The original study, published last August in the Proceedings of the National Academy of Sciences by Dr. Madeline Meier of Duke University, and colleagues, was the strongest evidence yet that teen use of cannabis could cause a drop in IQ. Opponents of the study claimed that socio-economic factors are to blame.

Around 1000 people all born in the same year in the New Zealand city of Dunedin were interviewed at ages 18, 21, 26, 32 and 38 about their marijuana use. The participants were also tested for their cognitive abilities at age 13 before starting to use cannabis, and at age 38. The study found persistent cannabis use during teenage years was associated with a drop in IQ of seven or eight points by the age of 38.

A new paper contesting the interpretation of the large-scale marijuana study was published in the Proceedings of the National Academy of Sciences by Norwegian Dr. Ole Rogeberg of the Ragnar Frisch Centre for Economic Research in criticizes Meier for failing to control their study for socio-economic status: Poorer kids were getting an initial boost in IQ when they first went to school but that this declined once they left school.

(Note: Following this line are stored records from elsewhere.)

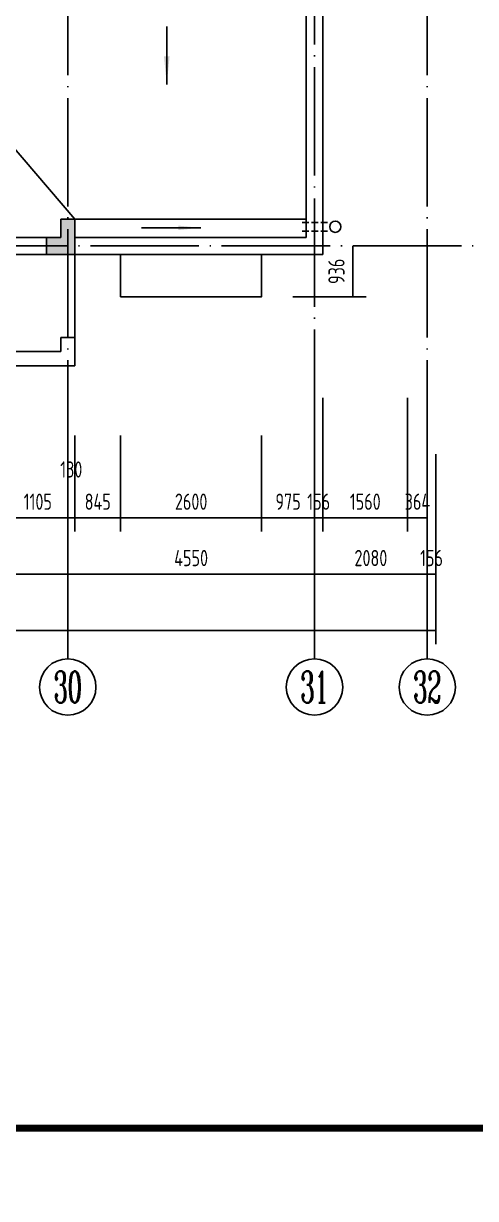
# Model space of a CAD drawing. Extents: x -726032 to 135930, y -151624 to 587044.
# Drawn here: x -554253 to -545919, y 477844 to 499528 of the extents above; entities that cross this region are included whole.
import ezdxf
from ezdxf.enums import TextEntityAlignment as Align

# ---------------------------------------------------------------- set-up
doc = ezdxf.new("R2010")
doc.units = 0
doc.header["$LTSCALE"] = 1000
doc.header["$MEASUREMENT"] = 0
doc.linetypes.add('DASH', pattern=[0.35, 0.25, -0.1])
doc.linetypes.add('DOTE', pattern=[2.42, 2, -0.2, 0.02, -0.2])
doc.layers.get('0').update_dxf_attribs({"linetype": 'CONTINUOUS'})
doc.layers.get('DEFPOINTS').update_dxf_attribs({"color": 1, "linetype": 'CONTINUOUS'})
for name, color, linetype in [('AXIS', 245, 'CONTINUOUS'), ('AXIS_TEXT', 7, 'CONTINUOUS'), ('COLUMN', 170, 'CONTINUOUS'), ('DOTE', 8, 'DOTE'), ('PUB_DIM', 245, 'CONTINUOUS'), ('PUB_TITLE', 1, 'CONTINUOUS'), ('ROOF', 4, 'CONTINUOUS'), ('WALL', 255, 'CONTINUOUS'), ('排水', 245, 'CONTINUOUS'), ('雨水管', 20, 'CONTINUOUS')]:
    doc.layers.add(name, color=color, linetype=linetype)
doc.styles.add('COMPLEX', font='COMPLEX')
doc.styles.add('DIM_FONT', font='isocp.shx', dxfattribs={"width": 0.8})
doc.dimstyles.new('AXIS', dxfattribs={"dimtxt": 300, "dimasz": 1, "dimexe": 250, "dimexo": 300, "dimgap": 150, "dimtad": 1, "dimdec": 0, "dimzin": 0, "dimdsep": 46, "dimtxsty": 'DIM_FONT', "dimcen": 0.09, "dimse1": 1, "dimse2": 1, "dimclrt": 142, "dimadec": 0, "dimazin": 0, "dimtfac": 1, "dimtdec": 0, "dimtix": 1, "dimtmove": 2, "dimatfit": 3, "dimfxl": 1, "dimtolj": 1, "dimtzin": 0, "dimarcsym": 0})
doc.dimstyles.new('DIMA', dxfattribs={"dimtxt": 300, "dimasz": 1, "dimexe": 250, "dimexo": 300, "dimgap": 150, "dimtad": 1, "dimdec": 0, "dimzin": 0, "dimdsep": 46, "dimtxsty": 'DIM_FONT', "dimcen": 0.09, "dimse1": 1, "dimclrt": 142, "dimadec": 0, "dimazin": 0, "dimtfac": 1, "dimtdec": 0, "dimtix": 1, "dimtmove": 2, "dimatfit": 3, "dimfxl": 1, "dimtolj": 1, "dimtzin": 0, "dimarcsym": 0})
doc.dimstyles.new('DIMB', dxfattribs={"dimtxt": 300, "dimasz": 1, "dimexe": 250, "dimexo": 300, "dimgap": 150, "dimtad": 1, "dimdec": 0, "dimzin": 0, "dimdsep": 46, "dimtxsty": 'DIM_FONT', "dimcen": 0.09, "dimse2": 1, "dimclrt": 142, "dimadec": 0, "dimazin": 0, "dimtfac": 1, "dimtdec": 0, "dimtix": 1, "dimtmove": 2, "dimatfit": 3, "dimfxl": 1, "dimtolj": 1, "dimtzin": 0, "dimarcsym": 0})
doc.dimstyles.new('DIMN', dxfattribs={"dimtxt": 300, "dimasz": 1, "dimexe": 250, "dimexo": 300, "dimgap": 150, "dimtad": 1, "dimdec": 0, "dimzin": 0, "dimdsep": 46, "dimtxsty": 'DIM_FONT', "dimcen": 0.09, "dimclrt": 142, "dimadec": 0, "dimazin": 0, "dimtfac": 1, "dimtdec": 0, "dimtix": 1, "dimtmove": 2, "dimatfit": 3, "dimfxl": 1, "dimtolj": 1, "dimtzin": 0, "dimarcsym": 0})

# ---------------------------------------------------------------- blocks, each defined once
blk = doc.blocks.new('*D3488')
at = {"layer": 'DEFPOINTS', "color": 0, "transparency": 16777216}
for p in [(-554542, 492223), (-553437, 492223), (-553437, 490403)]:
    blk.add_point(p, dxfattribs=at)
at = {"layer": 'PUB_DIM', "color": 0, "lineweight": -2, "transparency": 16777216}
for p, q in [((-554542, 491923), (-554542, 490153)), ((-554541, 490403), (-553438, 490403))]:
    blk.add_line(p, q, dxfattribs=at)
at = {"layer": 'PUB_DIM', "color": 0, "transparency": 16777216}
for points in [[(-554541, 490403), (-554541, 490403), (-554542, 490403)], [(-553438, 490403), (-553438, 490403), (-553437, 490403)]]:
    blk.add_solid(points, dxfattribs=at)
at = {"layer": 'PUB_DIM', "color": 142, "transparency": 16777216, "insert": (-553989, 490703), "char_height": 300, "attachment_point": 5, "style": 'DIM_FONT'}
blk.add_mtext('\\A1;1105', dxfattribs=at)
blk = doc.blocks.new('*D2892')
at = {"layer": 'AXIS', "color": 0, "lineweight": -2, "transparency": 16777216}
blk.add_line((-553438, 489363), (-558116, 489363), dxfattribs=at)
at = {"layer": 'AXIS', "color": 0, "transparency": 16777216}
for points in [[(-558116, 489363), (-558116, 489363), (-558117, 489363)], [(-553438, 489363), (-553438, 489363), (-553437, 489363)]]:
    blk.add_solid(points, dxfattribs=at)
at = {"layer": 'DEFPOINTS', "color": 0, "transparency": 16777216}
for p in [(-558117, 491880), (-553437, 491880), (-558117, 489363)]:
    blk.add_point(p, dxfattribs=at)
at = {"layer": 'AXIS', "color": 142, "transparency": 16777216, "insert": (-555777, 489663), "char_height": 300, "attachment_point": 5, "style": 'DIM_FONT'}
blk.add_mtext('\\A1;4680', dxfattribs=at)
blk = doc.blocks.new('*D130')
at = {"layer": 'AXIS', "color": 0, "lineweight": -2, "transparency": 16777216}
for p, q in [((-615330, 491580), (-615330, 488073)), ((-546651, 491580), (-546651, 488073)), ((-546652, 488323), (-615329, 488323))]:
    blk.add_line(p, q, dxfattribs=at)
at = {"layer": 'AXIS', "color": 0, "transparency": 16777216}
for points in [[(-615329, 488323), (-615329, 488323), (-615330, 488323)], [(-546652, 488323), (-546652, 488323), (-546651, 488323)]]:
    blk.add_solid(points, dxfattribs=at)
at = {"layer": 'DEFPOINTS', "color": 0, "transparency": 16777216}
for p in [(-615330, 491880), (-546651, 491880), (-615330, 488323)]:
    blk.add_point(p, dxfattribs=at)
at = {"layer": 'AXIS', "color": 142, "transparency": 16777216, "insert": (-580990, 488623), "char_height": 300, "attachment_point": 5, "style": 'DIM_FONT'}
blk.add_mtext('\\A1;68679', dxfattribs=at)
blk = doc.blocks.new('*D3147')
at = {"layer": 'AXIS', "color": 0, "lineweight": -2, "transparency": 16777216}
for p, q in [((-546808, 489363), (-546809, 489363)), ((-546651, 489363), (-546807, 489363)), ((-546650, 489363), (-546649, 489363))]:
    blk.add_line(p, q, dxfattribs=at)
at = {"layer": 'AXIS', "color": 0, "transparency": 16777216}
for points in [[(-546808, 489363), (-546808, 489363), (-546807, 489363)], [(-546650, 489363), (-546650, 489363), (-546651, 489363)]]:
    blk.add_solid(points, dxfattribs=at)
at = {"layer": 'DEFPOINTS', "color": 0, "transparency": 16777216}
for p in [(-546807, 491880), (-546651, 491880), (-546807, 489363)]:
    blk.add_point(p, dxfattribs=at)
at = {"layer": 'AXIS', "color": 142, "transparency": 16777216, "insert": (-546729, 489663), "char_height": 300, "attachment_point": 5, "style": 'DIM_FONT'}
blk.add_mtext('\\A1;156', dxfattribs=at)
blk = doc.blocks.new('*D3148')
at = {"layer": 'AXIS', "color": 0, "lineweight": -2, "transparency": 16777216}
blk.add_line((-546808, 489363), (-548886, 489363), dxfattribs=at)
at = {"layer": 'AXIS', "color": 0, "transparency": 16777216}
for points in [[(-548886, 489363), (-548886, 489363), (-548887, 489363)], [(-546808, 489363), (-546808, 489363), (-546807, 489363)]]:
    blk.add_solid(points, dxfattribs=at)
at = {"layer": 'DEFPOINTS', "color": 0, "transparency": 16777216}
for p in [(-548887, 491880), (-546807, 491880), (-548887, 489363)]:
    blk.add_point(p, dxfattribs=at)
at = {"layer": 'AXIS', "color": 142, "transparency": 16777216, "insert": (-547847, 489663), "char_height": 300, "attachment_point": 5, "style": 'DIM_FONT'}
blk.add_mtext('\\A1;2080', dxfattribs=at)
blk = doc.blocks.new('*D3149')
at = {"layer": 'AXIS', "color": 0, "lineweight": -2, "transparency": 16777216}
blk.add_line((-548888, 489363), (-553436, 489363), dxfattribs=at)
at = {"layer": 'AXIS', "color": 0, "transparency": 16777216}
for points in [[(-553436, 489363), (-553436, 489363), (-553437, 489363)], [(-548888, 489363), (-548888, 489363), (-548887, 489363)]]:
    blk.add_solid(points, dxfattribs=at)
at = {"layer": 'DEFPOINTS', "color": 0, "transparency": 16777216}
for p in [(-553437, 491880), (-548887, 491880), (-553437, 489363)]:
    blk.add_point(p, dxfattribs=at)
at = {"layer": 'AXIS', "color": 142, "transparency": 16777216, "insert": (-551162, 489663), "char_height": 300, "attachment_point": 5, "style": 'DIM_FONT'}
blk.add_mtext('\\A1;4550', dxfattribs=at)
blk = doc.blocks.new('_AXISO')
blk.add_circle((0, 0), 0.5)
at = {"layer": 'AXIS_TEXT', "style": 'COMPLEX', "width": 1.041667}
blk.add_attdef('A', text='', height=0.56, dxfattribs=at).set_placement((-0.25, -0.28), (0.25, -0.28), align=Align.FIT)
blk = doc.blocks.new('*D466')
at = {"layer": 'DEFPOINTS', "color": 0, "transparency": 16777216}
for p in [(-547171, 492920), (-546807, 492920), (-547171, 490403)]:
    blk.add_point(p, dxfattribs=at)
at = {"layer": 'PUB_DIM', "color": 0, "lineweight": -2, "transparency": 16777216}
for p, q in [((-547171, 492620), (-547171, 490153)), ((-546807, 492620), (-546807, 490153)), ((-547172, 490403), (-547173, 490403)), ((-546807, 490403), (-547171, 490403)), ((-546806, 490403), (-546805, 490403))]:
    blk.add_line(p, q, dxfattribs=at)
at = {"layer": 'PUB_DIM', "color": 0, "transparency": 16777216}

“Indeed, when discussing traits like IQ, it would be surprising for one factor to be 100 percent causal. The strengths of the Meier et al study are that it is longitudinal in nature and that it controlled for a/ /number of factors including years of education, schizophrenia, and other substance abuse. That said, observational studies in humans cannot account for all potentially confounding variables. In contrast, animal studies—though limited in their application to the complex human brain—can more definitively assess the relationship between drug exposure and various outcomes. They have shown that exposure to cannabinoids during adolescent development can cause long-lasting changes in the brain’s reward system as well as the hippocampus, a brain area critical for learning and memory,” Dr. Volkow wrote on NIDA’s website.

“The message inherent in these and in multiple supporting studies is clear. Regular marijuana use in adolescence is known to be part of a cluster of behaviours that can produce enduring detrimental effects and alter the trajectory of a young person’s life—thwarting his or her potential. Beyond potentially lowering IQ, teen marijuana use is linked to school dropout, other drug use, mental health problems, etc. Given the current number of regular marijuana users (about 1 in 15 high school seniors) and the possibility of this number increasing with marijuana legalization, we cannot afford to divert our focus from the central point: regular marijuana use stands to jeopardize a young person’s chances of success—in school and in life,” she concluded.